„Ich hätte früher abgeschworen“

■ Interview mit Mario Adorf

Mit Mario Adorf, dem Hauptdarsteller in der Folge „Galileo Galilei“ der WDR-Reihe „Prozesse der Weltgeschichte“, sprachen wir über seine Erfahrungen mit der Rolle, ihrer Aktualität und möglichen Schlußfolgerungen.

taz: Herr Adorf, was ist für Sie die Schlußfolgerung des Falles Galileo Galilei für die heutige Zeit?

Mario Adorf: Erst einmal stehe ich wirklich auch hinter diesem Wunsch nach Rehabilitierung, wie ihn der Film zum Ausdruck bringt. Ich finde es unverständlich, daß es die noch nicht gibt. Die geschichtliche Wahrheit ist so klar so zutage liegend -, daß da der Vatikan sich ziert, einen Irrtum zuzugeben, ist mir unverständlich. Obwohl man es wiederum erklären kann, indem man sagt, daß sie sich das nicht leisten können. Oder weil sie die Notwendigkeit dazu gar nicht sehen. Das hat Herr Ratzinger sehr deutlich gemacht, der ja sagt, wir können keinen Prozeß machen über etwas, das sowieso überholt ist. Dann geben wir uns sozusagen nachträglich noch mal Unrecht. Und wenn die Kirche einmal ein Unrecht begangen hat, na gut, dann soll es so auch sein, aber auch bleiben und nicht noch einmal aufgerollt werden - das wäre masochistisch aus Sicht der Kirche. Das kann ich verstehen, aber ich persönlich empfinde anders.

Gibt es etwas, das Sie besonders gereizt hat an der Figur des Galilei?

Was mich sehr interessiert hat, war der Moment des Abschwörens. Wie würde man sich selbst verhalten? Wie würde man sich gegenüber Folter benehmen? Würde man in die Knie gehen, wäre man ein Held? Ich hätte wahrscheinlich schon ein bißchen früher abgeschworen, als Galilei es getan hat. Und es hat sich herausgestellt, daß es nicht eine entscheidende Schwäche war, sondern im Gegenteil eine außerordentlich intelligente, schlaue Entscheidung. Denn er hat dann genau das alles getan, was er nicht hätte tun dürfen. Er hat sogar im Ausland, in Holland, sein zweites Hauptwerk veröffentlicht. Man hätte ihn ohne weiteres dafür verdammen und auf den Scheiterhaufen schicken können. Das Risiko war da. Das ist für mich wichtig: daß Galilei gar nicht der klassische Feigling ist, derjenige, der abgeschworen hat, der nicht gestorben ist. Denn ein toter Galilei hätte der Wissenschaft überhaupt nichts genützt. Der mußte weiterschreiben, sein Werk vollenden. Das finde ich das Bewunderungswürdige und das Schöne an der Figur. Vor allem, weil es verbunden ist mit einem Menschen, der auch ein Lust -Mensch war, der das Leben liebte und trotzdem seine ungeheure Arbeit weitergetan hat.

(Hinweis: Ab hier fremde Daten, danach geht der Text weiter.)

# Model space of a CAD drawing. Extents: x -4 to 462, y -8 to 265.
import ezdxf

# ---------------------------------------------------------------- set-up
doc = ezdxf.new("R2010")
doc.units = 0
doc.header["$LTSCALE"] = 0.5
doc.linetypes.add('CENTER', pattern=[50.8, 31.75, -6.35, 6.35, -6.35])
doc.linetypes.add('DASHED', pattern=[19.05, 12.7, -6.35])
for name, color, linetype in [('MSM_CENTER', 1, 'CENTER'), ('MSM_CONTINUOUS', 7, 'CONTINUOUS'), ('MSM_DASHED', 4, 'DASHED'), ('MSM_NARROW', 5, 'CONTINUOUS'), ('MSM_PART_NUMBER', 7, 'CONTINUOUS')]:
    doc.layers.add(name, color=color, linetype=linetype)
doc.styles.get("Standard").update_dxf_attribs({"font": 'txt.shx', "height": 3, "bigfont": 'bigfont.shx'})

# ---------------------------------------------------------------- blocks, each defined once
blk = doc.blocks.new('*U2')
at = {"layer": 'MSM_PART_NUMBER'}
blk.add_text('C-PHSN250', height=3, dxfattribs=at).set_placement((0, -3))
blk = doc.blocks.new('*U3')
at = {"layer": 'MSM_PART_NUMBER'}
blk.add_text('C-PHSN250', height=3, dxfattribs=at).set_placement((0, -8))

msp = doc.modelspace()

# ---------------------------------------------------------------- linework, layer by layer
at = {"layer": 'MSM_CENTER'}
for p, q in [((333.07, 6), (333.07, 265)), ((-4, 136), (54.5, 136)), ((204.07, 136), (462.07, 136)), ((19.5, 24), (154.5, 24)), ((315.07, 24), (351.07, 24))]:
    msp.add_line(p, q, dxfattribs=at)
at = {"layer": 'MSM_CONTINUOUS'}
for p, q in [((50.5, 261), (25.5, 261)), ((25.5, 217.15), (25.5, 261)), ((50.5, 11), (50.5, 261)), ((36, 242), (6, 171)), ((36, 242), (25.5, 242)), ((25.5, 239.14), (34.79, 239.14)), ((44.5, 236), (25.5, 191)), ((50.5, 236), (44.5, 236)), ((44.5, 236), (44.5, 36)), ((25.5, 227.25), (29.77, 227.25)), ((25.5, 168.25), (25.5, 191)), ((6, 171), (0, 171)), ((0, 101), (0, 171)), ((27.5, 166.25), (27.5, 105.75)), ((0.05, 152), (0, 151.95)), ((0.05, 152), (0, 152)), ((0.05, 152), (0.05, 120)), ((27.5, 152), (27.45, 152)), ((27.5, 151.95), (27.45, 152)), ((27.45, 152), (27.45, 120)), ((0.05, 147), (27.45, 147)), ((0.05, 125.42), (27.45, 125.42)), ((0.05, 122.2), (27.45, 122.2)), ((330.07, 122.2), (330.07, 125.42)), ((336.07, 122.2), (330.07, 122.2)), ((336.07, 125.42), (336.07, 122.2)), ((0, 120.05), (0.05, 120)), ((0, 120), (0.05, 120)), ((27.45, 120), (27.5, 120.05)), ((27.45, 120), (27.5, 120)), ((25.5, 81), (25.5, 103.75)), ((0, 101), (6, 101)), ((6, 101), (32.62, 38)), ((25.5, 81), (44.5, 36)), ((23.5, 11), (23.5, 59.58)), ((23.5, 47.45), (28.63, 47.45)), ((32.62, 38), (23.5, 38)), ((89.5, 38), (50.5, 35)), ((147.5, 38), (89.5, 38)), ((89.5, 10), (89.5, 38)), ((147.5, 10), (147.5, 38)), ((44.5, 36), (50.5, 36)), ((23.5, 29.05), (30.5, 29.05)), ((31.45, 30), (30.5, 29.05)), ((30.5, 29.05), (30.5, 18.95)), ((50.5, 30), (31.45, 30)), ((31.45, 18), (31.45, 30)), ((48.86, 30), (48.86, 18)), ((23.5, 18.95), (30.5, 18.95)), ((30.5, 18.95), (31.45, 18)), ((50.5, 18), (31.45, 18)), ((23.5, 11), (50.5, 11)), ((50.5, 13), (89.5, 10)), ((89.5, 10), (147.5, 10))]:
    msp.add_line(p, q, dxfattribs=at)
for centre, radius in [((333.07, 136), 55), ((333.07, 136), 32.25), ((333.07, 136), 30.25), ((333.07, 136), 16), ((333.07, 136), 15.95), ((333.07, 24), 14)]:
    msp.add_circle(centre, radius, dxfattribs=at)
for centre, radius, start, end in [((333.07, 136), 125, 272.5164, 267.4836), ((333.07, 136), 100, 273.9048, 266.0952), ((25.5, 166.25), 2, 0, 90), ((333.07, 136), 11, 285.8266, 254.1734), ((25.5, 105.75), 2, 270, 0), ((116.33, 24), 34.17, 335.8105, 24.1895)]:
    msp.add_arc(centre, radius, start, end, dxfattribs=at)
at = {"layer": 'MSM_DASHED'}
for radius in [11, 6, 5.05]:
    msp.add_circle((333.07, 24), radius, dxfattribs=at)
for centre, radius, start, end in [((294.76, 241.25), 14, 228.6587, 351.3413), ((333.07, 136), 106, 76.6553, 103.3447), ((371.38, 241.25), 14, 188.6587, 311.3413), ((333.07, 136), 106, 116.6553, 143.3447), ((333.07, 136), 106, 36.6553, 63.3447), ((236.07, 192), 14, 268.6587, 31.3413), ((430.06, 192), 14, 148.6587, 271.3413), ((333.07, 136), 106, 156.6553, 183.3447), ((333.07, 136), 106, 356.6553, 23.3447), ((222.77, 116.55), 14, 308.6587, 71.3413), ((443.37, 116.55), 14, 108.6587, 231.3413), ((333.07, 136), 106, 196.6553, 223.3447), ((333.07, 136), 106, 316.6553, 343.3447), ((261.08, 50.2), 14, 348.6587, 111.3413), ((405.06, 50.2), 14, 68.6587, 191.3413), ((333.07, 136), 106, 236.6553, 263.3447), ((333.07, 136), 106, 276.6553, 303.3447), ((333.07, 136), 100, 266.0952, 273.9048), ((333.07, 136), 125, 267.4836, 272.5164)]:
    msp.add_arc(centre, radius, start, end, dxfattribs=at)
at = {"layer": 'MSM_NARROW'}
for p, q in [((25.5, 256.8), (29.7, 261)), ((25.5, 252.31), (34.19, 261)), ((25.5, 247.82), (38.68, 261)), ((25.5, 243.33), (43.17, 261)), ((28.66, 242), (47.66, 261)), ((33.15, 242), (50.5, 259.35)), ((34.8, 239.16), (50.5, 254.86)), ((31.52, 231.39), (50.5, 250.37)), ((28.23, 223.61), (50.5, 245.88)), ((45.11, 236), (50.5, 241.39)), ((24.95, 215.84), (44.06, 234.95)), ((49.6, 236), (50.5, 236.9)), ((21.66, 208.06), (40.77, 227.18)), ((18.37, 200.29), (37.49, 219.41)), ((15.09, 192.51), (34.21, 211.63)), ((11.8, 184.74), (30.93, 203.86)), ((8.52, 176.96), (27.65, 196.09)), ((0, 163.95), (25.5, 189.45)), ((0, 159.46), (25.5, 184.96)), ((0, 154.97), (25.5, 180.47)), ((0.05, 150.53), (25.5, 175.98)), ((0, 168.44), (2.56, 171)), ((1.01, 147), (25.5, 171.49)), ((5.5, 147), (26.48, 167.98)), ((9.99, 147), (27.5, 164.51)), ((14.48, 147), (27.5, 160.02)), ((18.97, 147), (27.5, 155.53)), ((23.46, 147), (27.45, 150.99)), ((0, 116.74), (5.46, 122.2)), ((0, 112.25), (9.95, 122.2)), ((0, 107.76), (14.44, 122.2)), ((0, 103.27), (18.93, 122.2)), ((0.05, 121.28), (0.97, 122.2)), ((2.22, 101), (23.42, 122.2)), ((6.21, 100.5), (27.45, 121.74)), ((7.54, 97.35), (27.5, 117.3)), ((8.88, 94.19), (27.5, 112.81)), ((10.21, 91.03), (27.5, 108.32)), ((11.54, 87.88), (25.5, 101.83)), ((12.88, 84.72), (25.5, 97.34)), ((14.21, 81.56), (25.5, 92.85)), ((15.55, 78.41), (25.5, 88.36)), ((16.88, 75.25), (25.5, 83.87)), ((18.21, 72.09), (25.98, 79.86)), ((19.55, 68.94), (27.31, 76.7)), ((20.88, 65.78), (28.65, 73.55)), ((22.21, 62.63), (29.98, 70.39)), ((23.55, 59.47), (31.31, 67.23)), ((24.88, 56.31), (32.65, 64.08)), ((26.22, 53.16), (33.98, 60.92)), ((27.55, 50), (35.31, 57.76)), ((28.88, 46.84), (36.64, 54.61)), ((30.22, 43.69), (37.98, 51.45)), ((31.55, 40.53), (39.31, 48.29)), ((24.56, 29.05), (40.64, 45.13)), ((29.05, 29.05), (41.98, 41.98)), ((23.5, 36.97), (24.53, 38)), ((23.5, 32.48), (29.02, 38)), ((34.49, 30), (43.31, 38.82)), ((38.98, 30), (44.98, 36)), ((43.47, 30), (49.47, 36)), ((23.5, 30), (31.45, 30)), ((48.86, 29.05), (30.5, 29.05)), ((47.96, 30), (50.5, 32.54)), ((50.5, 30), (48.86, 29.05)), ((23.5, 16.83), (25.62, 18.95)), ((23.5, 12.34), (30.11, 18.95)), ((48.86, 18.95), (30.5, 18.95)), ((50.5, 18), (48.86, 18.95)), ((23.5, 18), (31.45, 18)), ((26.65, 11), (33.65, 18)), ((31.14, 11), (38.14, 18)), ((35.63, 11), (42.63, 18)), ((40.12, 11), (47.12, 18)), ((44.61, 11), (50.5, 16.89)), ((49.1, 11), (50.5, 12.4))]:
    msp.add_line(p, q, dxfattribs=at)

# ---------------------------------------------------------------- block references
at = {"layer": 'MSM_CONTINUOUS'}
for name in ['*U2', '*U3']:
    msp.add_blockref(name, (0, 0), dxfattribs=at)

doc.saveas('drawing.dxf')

Sie haben in diesem Film zwei Rollen gespielt. Hat das besondere Anforderungen gestellt?

Eigentlich nicht. Es war zwar die Frage, wie weit man sich in diesen beiden Rollen voneinander entfernen darf. Es sollte ja nicht eine Doppelrolle im normalen Sinne sein daß jemand sagt, jetzt spiel‘ ich den auch noch. Sondern da projiziert sich jemand in die Rolle des Galilei hinein . Dieser Filmemacher, den ich auch spiele, ist ja jemand, der einen Film über Galileo machen will. Und während er recherchiert, zum Beispiel die Prozeßszenen, setzt er sich selber ein, weil er sich eben den Galileo so vorstellt.